# Three across......but not sure what seats to get now



## tayndrewsmama (May 25, 2004)

We are expecting in October. We plan to use a (gasp!)Graco bucket seat from a friend who's son just outgrew it. (yes I am sure that it is safe and this is the only person in the world that I would accept a used seat from







) We have a 7 year old that weighs 49 pounds and a five year old that weighs 42 pounds. Lightweights compared to most kids their age we know.







They are currently in Britax Regents but there is no way on earth any other seat will fit between the two in a Camry. There's only room for the little console/cup holder to flip down between the two.

So, I don't really know what to do right now. Dh nearly had a heart attack when he started adding up new carseat costs and finally said, "Just order whatever you have to, but don't tell me how much you spent. I don't even want to know."









I don't see the point in getting dd a full fledged replacement carseat, but I am at a loss at what kind of booster would be good. I really am not comfortable in any way, shape or form with those backless boosters. We travel frequently and very long distances.
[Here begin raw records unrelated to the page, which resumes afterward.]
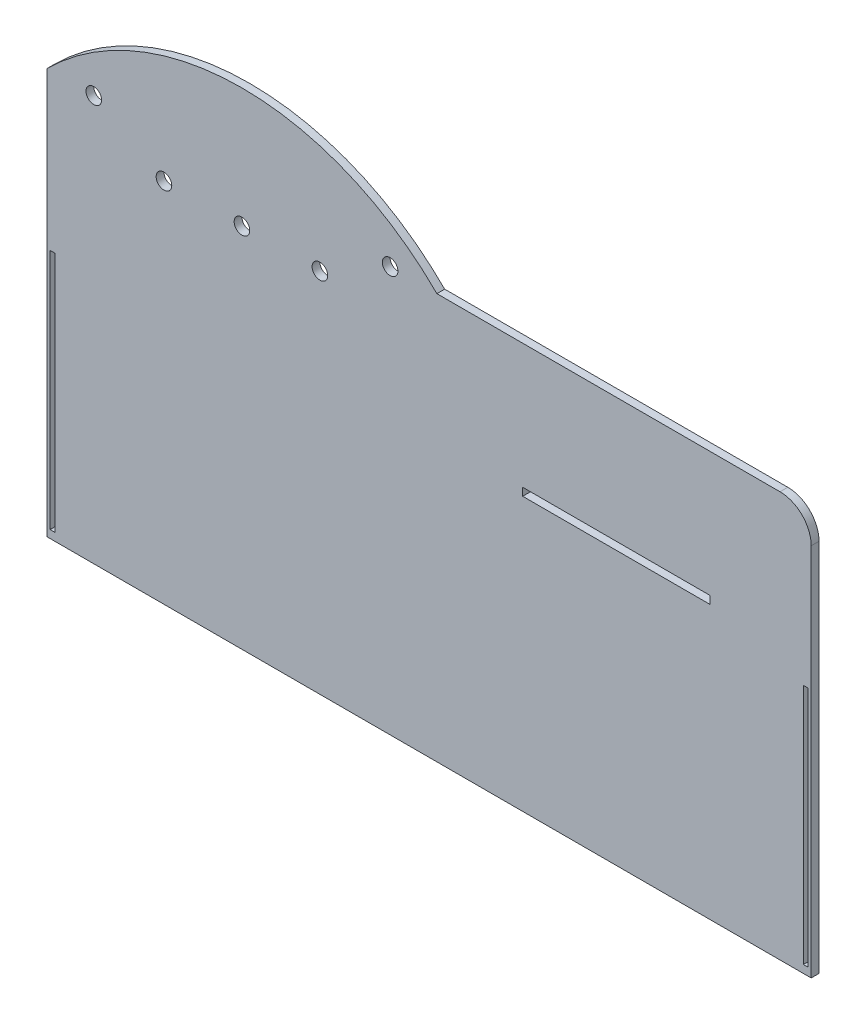
SolidWorks part; units mm, degrees
ref_plane "Alzado" through (0, 0, 0) normal (0, 0, 1) x (1, 0, 0)
ref_plane "Planta" through (0, 0, 0) normal (0, 1, 0) x (1, 0, 0)
ref_plane "Vista lateral" through (0, 0, 0) normal (1, 0, 0) x (0, 0, -1)
sketch "Croquis1" plane through (0, 0, 0) normal (0, 0, 1) x (1, 0, 0)
  line L0 (-311.15, 165.1) -> (6.35, 165.1) construction
  line L1 (6.35, 165.1) -> (311.15, 165.1)
  line L2 (-311.15, 165.1) -> (-311.15, -165.1)
  line L3 (-311.15, -165.1) -> (311.15, -165.1)
  line L4 (311.15, 165.1) -> (311.15, -165.1)
  line L5 (-311.15, 165.1) -> (311.15, -165.1) construction
  line L6 (-311.15, -165.1) -> (311.15, 165.1) construction
  arc A0 (-311.15, 165.1) -> (6.35, 165.1) centre (-152.4, 6.35) cw
  point P0 (0, 0)
  dimension "D4" = 330.2
  dimension "D1" = 622.3
  dimension "D2" = 330.2
  dimension "D3" = 224.5064
  dimension "D5" = 317.5
extrude "Saliente-Extruir1" add sketch "Croquis1" along normal blind 6.35
sketch "Croquis2" plane through (0, 0, 6.35) normal (0, 0, 1) x (1, 0, 0)
  line L0 (311.15, 165.1) -> (6.35, 165.1) construction
  line L1 (76.2, 63.5) -> (228.6, 63.5)
  line L2 (76.2, 63.5) -> (76.2, 57.15)
  line L3 (76.2, 57.15) -> (228.6, 57.15)
  line L4 (228.6, 63.5) -> (228.6, 57.15)
  line L6 (311.15, -165.1) -> (311.15, 165.1) construction
  point P6 (152.4, 63.5)
  dimension "D1" = 152.4
  dimension "D2" = 6.35
  dimension "D3" = 101.6
  dimension "D4" = 158.75
extrude "Cortar-Extruir1" cut sketch "Croquis2" against normal blind 6.35
sketch "Croquis3" plane through (0, 0, 6.35) normal (0, 0, 1) x (1, 0, 0)
  line L0 (-311.15, 165.1) -> (-311.15, -165.1) construction
  line L2 (-152.4, 133.35) -> (-215.9, 133.35) construction
  line L3 (-152.4, 133.35) -> (-88.9, 133.35) construction
  circle A0 centre (-152.4, 133.35) radius 6.35
  circle A1 centre (-215.9, 133.35) radius 6.35
  circle A2 centre (-88.9, 133.35) radius 6.35
  dimension "D3" = 12.7
  dimension "D4" = 12.7
  dimension "D5" = 12.7
  dimension "D1" = 158.75
  dimension "D2" = 31.75
  dimension "D6" = 63.5
  dimension "D7" = 63.5
extrude "Cortar-Extruir2" cut sketch "Croquis3" against normal blind 6.35
sketch "Croquis4" plane through (0, 0, 6.35) normal (0, 0, 1) x (1, 0, 0)
  line L0 (-311.15, 165.1) -> (-273.05, 165.1) construction
  line L1 (6.35, 165.1) -> (-31.75, 165.1) construction
  circle A0 centre (-273.05, 165.1) radius 6.35
  circle A1 centre (-31.75, 165.1) radius 6.35
  dimension "D1" = 12.7
  dimension "D2" = 12.7
  dimension "D3" = 38.1
  dimension "D4" = 38.1
extrude "Cortar-Extruir3" cut sketch "Croquis4" against normal blind 6.35
fillet "Redondeo1" radius 25.4 1 edges at (311.15, 165.1, 3.175)
sketch "Croquis5" plane through (0, 0, 6.35) normal (0, 0, 1) x (1, 0, 0)
  line L1 (-308.61, -158.75) -> (-304.8, -158.75)
  line L2 (-308.61, -158.75) -> (-308.61, 38.1)
  line L3 (-308.61, 38.1) -> (-304.8, 38.1)
  line L4 (-304.8, -158.75) -> (-304.8, 38.1)
  line L6 (-311.15, 58.4945) -> (-308.61, 58.4945) construction
  line L7 (0, 0) -> (0, -66.4786) construction
  line L8 (308.61, -158.75) -> (304.8, -158.75)
  line L9 (308.61, 38.1) -> (304.8, 38.1)
  line L10 (304.8, -158.75) -> (304.8, 38.1)
  line L11 (308.61, -158.75) -> (308.61, 38.1)
  line L12 (-311.15, 165.1) -> (-311.15, -165.1) construction
  line L13 (-311.15, -165.1) -> (311.15, -165.1) construction
  dimension "D1" = 2.54
  dimension "D2" = 3.81
  dimension "D3" = 196.85
  dimension "D4" = 203.2
extrude "Cortar-Extruir4" cut sketch "Croquis5" against normal blind 6.35

I think ds still has plenty of time left to be in a seat that we could consider a Radian for him. Ideally it would be nice to be able to put him into dd's booster and put the baby into the Radian when that time comes to ditch the bucket seat, but I don't really see dd growing that much before we would need to do that. Sigh.........Any thoughts on the matter here?


----------



## tayndrewsmama (May 25, 2004)

Anyone?


----------



## DahliaRW (Apr 16, 2005)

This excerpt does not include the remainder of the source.